Advantages of being unprincipled

Flexibility of response is suited to conduct of states than men. Altering national interest to save lives is needed.

We have been taught to prefer human behaviour based on principles because that makes a man predictable in his actions. But this is not as simple as it sounds. We have assumed that principles are always good. Is it correct to make this assumption? You might say, being without principles is still worse. Here we equate the state of being unprincipled with immorality. That too is not correct either.

Firstly, principles are hardly universal. They vary from man to man, from region to region, and from country to country. A Punjabi may have principles that differ from those embraced by a Pashtun, as in the case of honour and taking revenge. Thus a Muslim may have principles that differ from those held by a Hindu. A country with ideology may have more fixed principles than a country without ideology. Some principles may be pre-modern, based on religion. They may clash with principles based on science and reason.

Principles are rules of behaviour. If you are consistent in observing them, you are an honourable man. This means we abhor unpredictability and breach of promises. But there are occasions when we need flexibility in our conduct. And principles tend to make us less flexible in moments of crisis. In statecraft, internal order is based on tough penal codes and that is right. In international relations, there is no law and no morality. Hence, principles may have to yield ground to flexibility.

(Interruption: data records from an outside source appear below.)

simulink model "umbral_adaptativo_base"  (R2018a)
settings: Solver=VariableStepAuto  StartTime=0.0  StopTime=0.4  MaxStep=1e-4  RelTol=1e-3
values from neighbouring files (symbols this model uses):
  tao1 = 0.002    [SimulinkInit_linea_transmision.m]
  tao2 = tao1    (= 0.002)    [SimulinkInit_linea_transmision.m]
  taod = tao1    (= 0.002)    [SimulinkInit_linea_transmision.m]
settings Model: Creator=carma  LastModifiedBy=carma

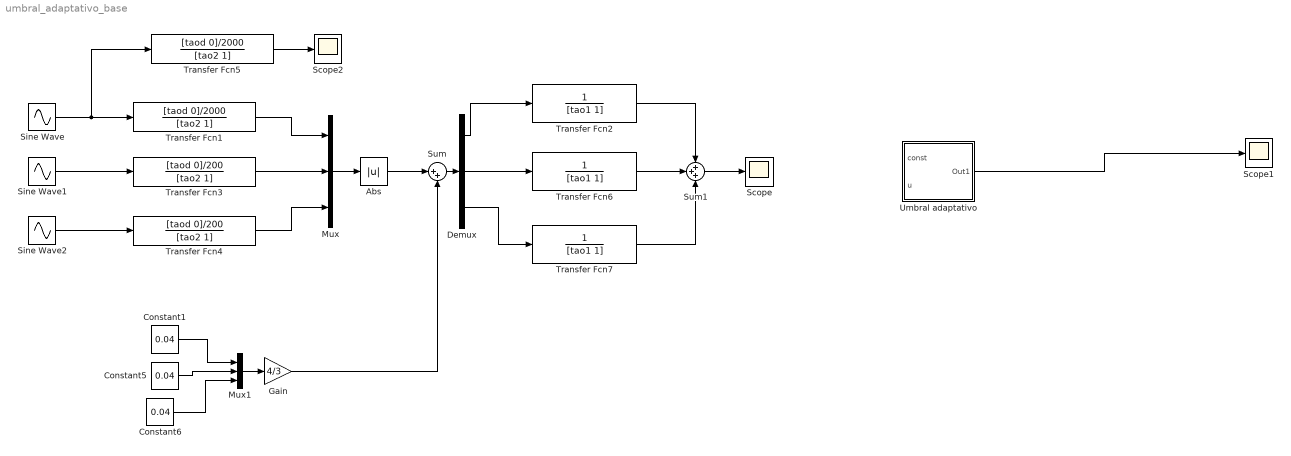
== system umbral_adaptativo_base ==
  Abs : Abs
  Constant1 : Constant  Value=0.04
  Constant5 : Constant  Value=0.04
  Constant6 : Constant  Value=0.04
  Demux : Demux  Outputs=3
  Gain : Gain  Gain=4/3
  Mux : Mux  Inputs=3
  Mux1 : Mux  Inputs=3
  Scope : Scope
  Scope1 : Scope
  Scope2 : Scope
  Sine Wave : Sin  Amplitude=2000  Frequency=2*pi*60  SampleTime=0
  Sine Wave1 : Sin  Amplitude=200  Frequency=2*pi*60  SampleTime=0
  Sine Wave2 : Sin  Amplitude=200  Frequency=2*pi*60  SampleTime=0
  Sum : Sum  Inputs=|++
  Sum1 : Sum  Inputs=3
  Transfer Fcn1 : TransferFcn  Numerator=[taod 0]/2000  Denominator=[tao2 1]
  Transfer Fcn2 : TransferFcn  Denominator=[tao1 1]
  Transfer Fcn3 : TransferFcn  Numerator=[taod 0]/200  Denominator=[tao2 1]
  Transfer Fcn4 : TransferFcn  Numerator=[taod 0]/200  Denominator=[tao2 1]
  Transfer Fcn5 : TransferFcn  Numerator=[taod 0]/2000  Denominator=[tao2 1]
  Transfer Fcn6 : TransferFcn  Denominator=[tao1 1]
  Transfer Fcn7 : TransferFcn  Denominator=[tao1 1]
  Umbral adaptativo : Subsystem
  wires:
  Mux/1 -> Abs/1
  Gain/1 -> Sum/2
  Mux1/1 -> Gain/1
  Constant1/1 -> Mux1/1
  Constant6/1 -> Mux1/3
  Constant5/1 -> Mux1/2
  Sine Wave/1 -> Transfer Fcn5/1, Transfer Fcn1/1
  Sine Wave1/1 -> Transfer Fcn3/1
  Sine Wave2/1 -> Transfer Fcn4/1
  Sum/1 -> Demux/1
  Demux/1 -> Transfer Fcn2/1
  Demux/2 -> Transfer Fcn6/1
  Demux/3 -> Transfer Fcn7/1
  Transfer Fcn1/1 -> Mux/1
  Transfer Fcn3/1 -> Mux/2
  Transfer Fcn4/1 -> Mux/3
  Transfer Fcn6/1 -> Sum1/2
  Transfer Fcn2/1 -> Sum1/1
  Transfer Fcn7/1 -> Sum1/3
  Sum1/1 -> Scope/1
  Umbral adaptativo/1(Out1) -> Scope1/1
  Transfer Fcn5/1 -> Scope2/1
  Abs/1 -> Sum/1

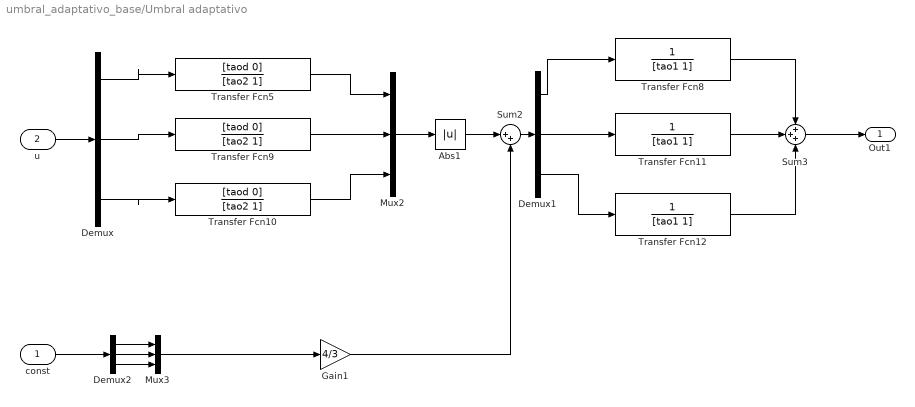
== system umbral_adaptativo_base/Umbral adaptativo ==
  const : Inport
  u : Inport  Port=2
  Abs1 : Abs
  Demux : Demux  Outputs=3
  Demux1 : Demux  Outputs=3
  Demux2 : Demux  Outputs=3
  Gain1 : Gain  Gain=4/3
  Mux2 : Mux  Inputs=3
  Mux3 : Mux  Inputs=3
  Sum2 : Sum  Inputs=|++
  Sum3 : Sum  Inputs=3
  Transfer Fcn10 : TransferFcn  Numerator=[taod 0]  Denominator=[tao2 1]
  Transfer Fcn11 : TransferFcn  Denominator=[tao1 1]
  Transfer Fcn12 : TransferFcn  Denominator=[tao1 1]
  Transfer Fcn5 : TransferFcn  Numerator=[taod 0]  Denominator=[tao2 1]
  Transfer Fcn8 : TransferFcn  Denominator=[tao1 1]
  Transfer Fcn9 : TransferFcn  Numerator=[taod 0]  Denominator=[tao2 1]
  Out1 : Outport
  wires:
  Demux1/2 -> Transfer Fcn11/1
  Sum2/1 -> Demux1/1
  Abs1/1 -> Sum2/1
  Demux1/1 -> Transfer Fcn8/1
  Gain1/1 -> Sum2/2
  Mux3/1 -> Gain1/1
  Transfer Fcn9/1 -> Mux2/2
  Transfer Fcn8/1 -> Sum3/1
  Demux1/3 -> Transfer Fcn12/1
  Mux2/1 -> Abs1/1
  Transfer Fcn5/1 -> Mux2/1
  Transfer Fcn11/1 -> Sum3/2
  Transfer Fcn12/1 -> Sum3/3
  Transfer Fcn10/1 -> Mux2/3
  Sum3/1 -> Out1/1
  Demux/2 -> Transfer Fcn9/1
  Demux/1 -> Transfer Fcn5/1
  Demux/3 -> Transfer Fcn10/1
  Demux2/1 -> Mux3/1
  Demux2/2 -> Mux3/2
  Demux2/3 -> Mux3/3
  const/1 -> Demux2/1
  u/1 -> Demux/1

If realism and reason should be the yardstick on which to judge them, most principles may be bad. Realism tells us that if a man is principled and also powerful, he will inflict pain on others; if a man is principled but weak he will invite more pain on himself. And countries in their external conduct are much less subject to morality.


A weak man is expected to have principles; in other words we want him to be a martyr; to be remembered by the coming generations. But wisdom says if a man is weak he should not have too many strict principles. Principles make you inflexible and expose you to harm. A strong state is more likely to win on the basis of principles. Here principles are mere justification for its willingness and ability to inflict pain. A weak state should not have too many unrealistic principles. It needs flexibility of response in the face of more powerful states.

Change is integral to the unspoken law of survival. Darwin said survival is of the fittest, but if you look closely at his work the fittest is not the one with muscles but one who has the ability to mutate. In change, there is a hidden admission of weakness in the face of external environment. If you are weak, change your conduct and make it flexible in the face of odds.

One must accept that flexibility of response is more suited to the conduct of states than men. It becomes important to change policy — including that pseudo-theory sanctifying ‘national interest’ — if the state is weak. This weakness may spring from many factors and may even be relative. But it dictates mutation so that the state can save the lives of its citizens.

Pakistan suffers from a policy-freeze in the face of challenges it cannot surmount. It has too many factors in its strategy that make its conduct inflexible. It sees flexibility as a gesture of bending before more powerful states. Yet the compulsion of change may confront even a powerful state if it has the culture of intellectual stock-taking. Flexibility — at times seen as lack of principles — is based on self-interest.

Published in The Express Tribune, October 16th, 2011.